**What you will do:**
Keep only the lines from the start of the data through the line containing "- net OutMR1: now", and output them exactly.

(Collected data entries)
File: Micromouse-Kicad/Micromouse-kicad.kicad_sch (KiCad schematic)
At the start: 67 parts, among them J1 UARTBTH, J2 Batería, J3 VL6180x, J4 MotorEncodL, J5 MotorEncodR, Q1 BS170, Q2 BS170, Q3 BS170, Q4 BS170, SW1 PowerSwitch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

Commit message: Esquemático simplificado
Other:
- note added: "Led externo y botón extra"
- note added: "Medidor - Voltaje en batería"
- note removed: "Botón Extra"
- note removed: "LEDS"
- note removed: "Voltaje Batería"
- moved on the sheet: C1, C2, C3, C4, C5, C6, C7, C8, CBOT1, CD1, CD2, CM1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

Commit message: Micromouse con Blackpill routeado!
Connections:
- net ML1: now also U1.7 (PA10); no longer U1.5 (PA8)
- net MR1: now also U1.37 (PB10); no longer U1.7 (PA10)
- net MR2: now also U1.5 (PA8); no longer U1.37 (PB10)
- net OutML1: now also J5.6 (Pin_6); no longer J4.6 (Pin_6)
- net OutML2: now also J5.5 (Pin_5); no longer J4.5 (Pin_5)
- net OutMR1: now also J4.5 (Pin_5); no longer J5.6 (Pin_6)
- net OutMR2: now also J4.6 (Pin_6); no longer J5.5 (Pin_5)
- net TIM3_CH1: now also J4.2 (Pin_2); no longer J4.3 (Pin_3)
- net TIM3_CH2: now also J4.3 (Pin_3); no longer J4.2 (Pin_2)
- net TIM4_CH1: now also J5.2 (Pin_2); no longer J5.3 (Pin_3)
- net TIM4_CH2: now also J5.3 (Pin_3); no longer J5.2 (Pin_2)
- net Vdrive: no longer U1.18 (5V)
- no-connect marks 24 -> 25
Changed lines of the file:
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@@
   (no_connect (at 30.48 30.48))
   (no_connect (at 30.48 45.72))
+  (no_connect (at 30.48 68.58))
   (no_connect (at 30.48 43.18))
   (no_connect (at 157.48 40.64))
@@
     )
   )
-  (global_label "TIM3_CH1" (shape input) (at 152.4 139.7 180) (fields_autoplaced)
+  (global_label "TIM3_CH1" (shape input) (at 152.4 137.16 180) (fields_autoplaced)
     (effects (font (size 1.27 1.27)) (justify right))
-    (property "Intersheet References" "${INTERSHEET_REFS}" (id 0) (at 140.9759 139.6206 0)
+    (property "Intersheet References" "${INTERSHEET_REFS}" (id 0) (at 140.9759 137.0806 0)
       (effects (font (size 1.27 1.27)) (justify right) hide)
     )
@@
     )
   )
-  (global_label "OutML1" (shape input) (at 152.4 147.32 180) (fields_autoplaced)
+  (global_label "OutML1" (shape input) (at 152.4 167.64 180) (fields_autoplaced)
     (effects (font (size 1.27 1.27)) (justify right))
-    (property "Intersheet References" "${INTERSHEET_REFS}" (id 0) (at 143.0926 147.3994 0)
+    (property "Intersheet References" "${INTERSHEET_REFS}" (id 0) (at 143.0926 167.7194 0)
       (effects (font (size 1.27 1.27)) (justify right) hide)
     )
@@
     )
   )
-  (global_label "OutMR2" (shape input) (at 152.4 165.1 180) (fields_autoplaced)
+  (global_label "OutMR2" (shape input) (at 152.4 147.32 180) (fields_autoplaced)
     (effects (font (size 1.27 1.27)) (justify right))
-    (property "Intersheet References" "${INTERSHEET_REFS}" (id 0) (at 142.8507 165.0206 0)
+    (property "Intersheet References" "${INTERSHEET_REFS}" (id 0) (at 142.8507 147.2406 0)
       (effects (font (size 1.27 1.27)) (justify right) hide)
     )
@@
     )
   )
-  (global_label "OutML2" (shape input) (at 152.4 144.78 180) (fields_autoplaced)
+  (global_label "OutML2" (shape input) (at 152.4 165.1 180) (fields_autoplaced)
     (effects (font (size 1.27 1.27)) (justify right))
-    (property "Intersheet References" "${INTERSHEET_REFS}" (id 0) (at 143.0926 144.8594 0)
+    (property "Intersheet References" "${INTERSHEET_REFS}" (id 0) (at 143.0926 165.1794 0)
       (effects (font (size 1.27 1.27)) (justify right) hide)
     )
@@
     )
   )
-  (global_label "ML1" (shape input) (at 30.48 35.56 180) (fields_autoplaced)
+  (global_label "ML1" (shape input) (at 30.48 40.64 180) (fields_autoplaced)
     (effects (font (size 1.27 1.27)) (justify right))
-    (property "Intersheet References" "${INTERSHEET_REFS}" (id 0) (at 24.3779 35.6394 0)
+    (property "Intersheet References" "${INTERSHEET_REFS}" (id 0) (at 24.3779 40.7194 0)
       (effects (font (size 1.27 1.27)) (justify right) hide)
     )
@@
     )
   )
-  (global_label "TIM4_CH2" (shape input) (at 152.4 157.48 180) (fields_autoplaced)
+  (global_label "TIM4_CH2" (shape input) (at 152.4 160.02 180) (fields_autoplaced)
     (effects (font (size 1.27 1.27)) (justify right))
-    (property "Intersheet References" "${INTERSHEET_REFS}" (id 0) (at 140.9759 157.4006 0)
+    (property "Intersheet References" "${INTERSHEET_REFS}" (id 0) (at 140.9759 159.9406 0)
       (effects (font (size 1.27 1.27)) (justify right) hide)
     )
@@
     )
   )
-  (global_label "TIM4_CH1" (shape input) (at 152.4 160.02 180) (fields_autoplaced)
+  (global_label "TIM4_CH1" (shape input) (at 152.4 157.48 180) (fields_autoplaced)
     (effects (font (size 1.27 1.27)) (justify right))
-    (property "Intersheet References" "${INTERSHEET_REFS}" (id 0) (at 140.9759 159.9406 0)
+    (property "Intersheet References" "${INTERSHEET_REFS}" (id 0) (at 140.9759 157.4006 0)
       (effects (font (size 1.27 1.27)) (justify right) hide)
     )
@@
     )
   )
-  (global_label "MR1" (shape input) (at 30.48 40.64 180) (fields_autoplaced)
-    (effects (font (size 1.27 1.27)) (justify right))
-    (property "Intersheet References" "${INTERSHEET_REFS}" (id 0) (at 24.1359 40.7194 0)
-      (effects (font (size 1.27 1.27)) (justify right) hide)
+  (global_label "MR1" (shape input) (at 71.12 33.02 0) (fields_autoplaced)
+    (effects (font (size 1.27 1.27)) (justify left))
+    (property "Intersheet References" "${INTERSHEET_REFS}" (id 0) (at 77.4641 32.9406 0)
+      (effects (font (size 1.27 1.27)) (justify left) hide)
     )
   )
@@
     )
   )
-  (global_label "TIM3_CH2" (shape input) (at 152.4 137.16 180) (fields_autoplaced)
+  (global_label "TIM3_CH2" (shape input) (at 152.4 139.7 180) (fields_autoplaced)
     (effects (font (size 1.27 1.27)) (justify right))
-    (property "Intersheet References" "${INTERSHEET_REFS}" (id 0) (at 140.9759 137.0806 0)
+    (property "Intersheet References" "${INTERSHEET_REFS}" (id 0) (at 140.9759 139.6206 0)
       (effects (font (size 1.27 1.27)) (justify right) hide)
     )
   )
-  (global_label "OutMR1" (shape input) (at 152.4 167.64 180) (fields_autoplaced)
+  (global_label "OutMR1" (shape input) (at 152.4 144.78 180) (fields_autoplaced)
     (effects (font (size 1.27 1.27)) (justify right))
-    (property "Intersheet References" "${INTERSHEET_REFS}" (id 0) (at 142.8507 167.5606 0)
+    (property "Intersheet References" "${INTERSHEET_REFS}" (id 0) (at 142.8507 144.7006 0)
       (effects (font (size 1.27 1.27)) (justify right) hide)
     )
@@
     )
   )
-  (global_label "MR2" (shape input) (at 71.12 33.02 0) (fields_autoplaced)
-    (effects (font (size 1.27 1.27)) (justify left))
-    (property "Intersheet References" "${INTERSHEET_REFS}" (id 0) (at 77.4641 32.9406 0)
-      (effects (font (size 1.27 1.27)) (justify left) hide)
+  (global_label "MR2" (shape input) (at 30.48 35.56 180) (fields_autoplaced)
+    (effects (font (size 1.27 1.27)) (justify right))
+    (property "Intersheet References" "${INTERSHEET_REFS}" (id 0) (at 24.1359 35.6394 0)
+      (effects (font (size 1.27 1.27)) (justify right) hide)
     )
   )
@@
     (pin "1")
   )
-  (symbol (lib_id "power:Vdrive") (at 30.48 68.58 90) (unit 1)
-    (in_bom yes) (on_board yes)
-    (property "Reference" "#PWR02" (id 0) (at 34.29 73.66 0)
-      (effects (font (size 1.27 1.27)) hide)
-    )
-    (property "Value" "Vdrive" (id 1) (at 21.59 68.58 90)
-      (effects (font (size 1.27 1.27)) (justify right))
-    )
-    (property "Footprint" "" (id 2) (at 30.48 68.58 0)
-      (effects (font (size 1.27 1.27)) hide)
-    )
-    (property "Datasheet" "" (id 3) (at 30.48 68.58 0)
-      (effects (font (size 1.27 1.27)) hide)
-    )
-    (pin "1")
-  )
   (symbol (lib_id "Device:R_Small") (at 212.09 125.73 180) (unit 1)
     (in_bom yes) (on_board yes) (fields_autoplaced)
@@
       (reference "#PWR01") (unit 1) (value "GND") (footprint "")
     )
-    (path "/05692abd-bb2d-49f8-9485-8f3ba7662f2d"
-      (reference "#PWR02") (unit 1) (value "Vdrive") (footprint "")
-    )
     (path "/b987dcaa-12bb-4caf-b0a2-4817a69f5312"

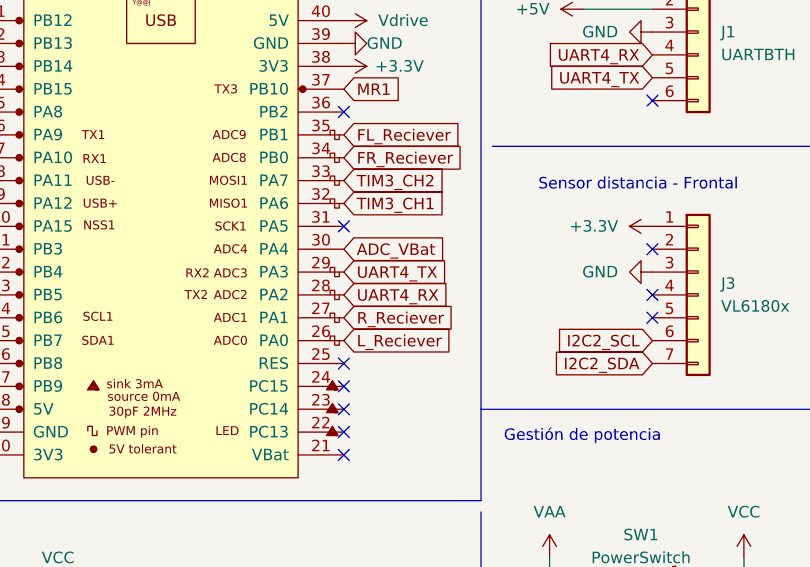
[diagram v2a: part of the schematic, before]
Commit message: Arreglo bluetooth
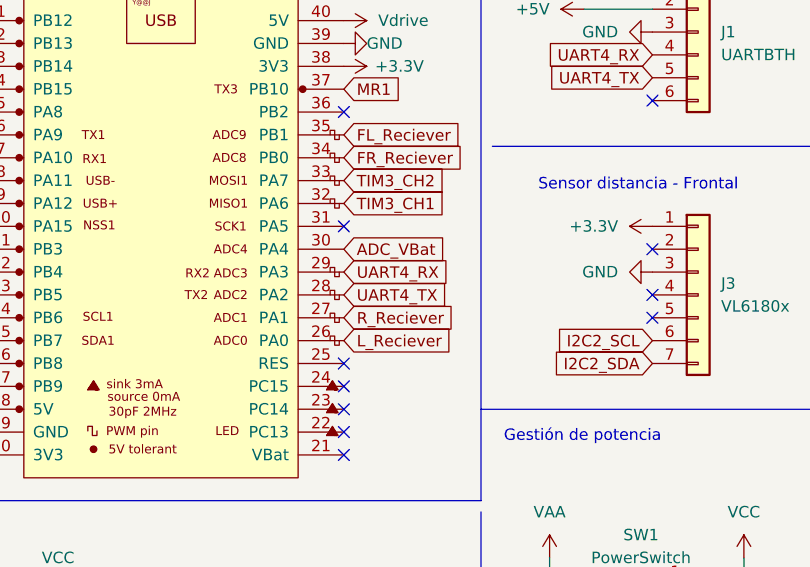
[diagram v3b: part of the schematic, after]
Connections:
- net UART4_RX: now also U1.29 (PA3); no longer U1.28 (PA2)
- net UART4_TX: now also U1.28 (PA2); no longer U1.29 (PA3)
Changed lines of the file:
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@@
     )
   )
-  (global_label "UART4_RX" (shape input) (at 71.12 55.88 0) (fields_autoplaced)
+  (global_label "UART4_RX" (shape input) (at 71.12 53.34 0) (fields_autoplaced)
     (effects (font (size 1.27 1.27)) (justify left))
-    (property "Intersheet References" "${INTERSHEET_REFS}" (id 0) (at 82.8464 55.8006 0)
+    (property "Intersheet References" "${INTERSHEET_REFS}" (id 0) (at 82.8464 53.2606 0)
       (effects (font (size 1.27 1.27)) (justify left) hide)
     )
@@
     )
   )
+  (global_label "UART4_TX" (shape input) (at 71.12 55.88 0) (fields_autoplaced)
+    (effects (font (size 1.27 1.27)) (justify left))
+    (property "Intersheet References" "${INTERSHEET_REFS}" (id 0) (at 82.5441 55.8006 0)
+      (effects (font (size 1.27 1.27)) (justify left) hide)
+    )
+  )
   (global_label "FL_Reciever" (shape input) (at 71.12 38.1 0) (fields_autoplaced)
     (effects (font (size 1.27 1.27)) (justify left))
@@
     )
   )
-  (global_label "UART4_TX" (shape input) (at 71.12 53.34 0) (fields_autoplaced)
-    (effects (font (size 1.27 1.27)) (justify left))
-    (property "Intersheet References" "${INTERSHEET_REFS}" (id 0) (at 82.5441 53.2606 0)
-      (effects (font (size 1.27 1.27)) (justify left) hide)
-    )
-  )

**Answer section:**
File: Micromouse-Kicad/Micromouse-kicad.kicad_sch (KiCad schematic)
At the start: 67 parts, among them J1 UARTBTH, J2 Batería, J3 VL6180x, J4 MotorEncodL, J5 MotorEncodR, Q1 BS170, Q2 BS170, Q3 BS170, Q4 BS170, SW1 PowerSwitch

Commit message: Esquemático simplificado
Other:
- note added: "Led externo y botón extra"
- note added: "Medidor - Voltaje en batería"
- note removed: "Botón Extra"
- note removed: "LEDS"
- note removed: "Voltaje Batería"
- moved on the sheet: C1, C2, C3, C4, C5, C6, C7, C8, CBOT1, CD1, CD2, CM1

Commit message: Micromouse con Blackpill routeado!
Connections:
- net ML1: now also U1.7 (PA10); no longer U1.5 (PA8)
- net MR1: now also U1.37 (PB10); no longer U1.7 (PA10)
- net MR2: now also U1.5 (PA8); no longer U1.37 (PB10)
- net OutML1: now also J5.6 (Pin_6); no longer J4.6 (Pin_6)
- net OutML2: now also J5.5 (Pin_5); no longer J4.5 (Pin_5)
- net OutMR1: now also J4.5 (Pin_5); no longer J5.6 (Pin_6)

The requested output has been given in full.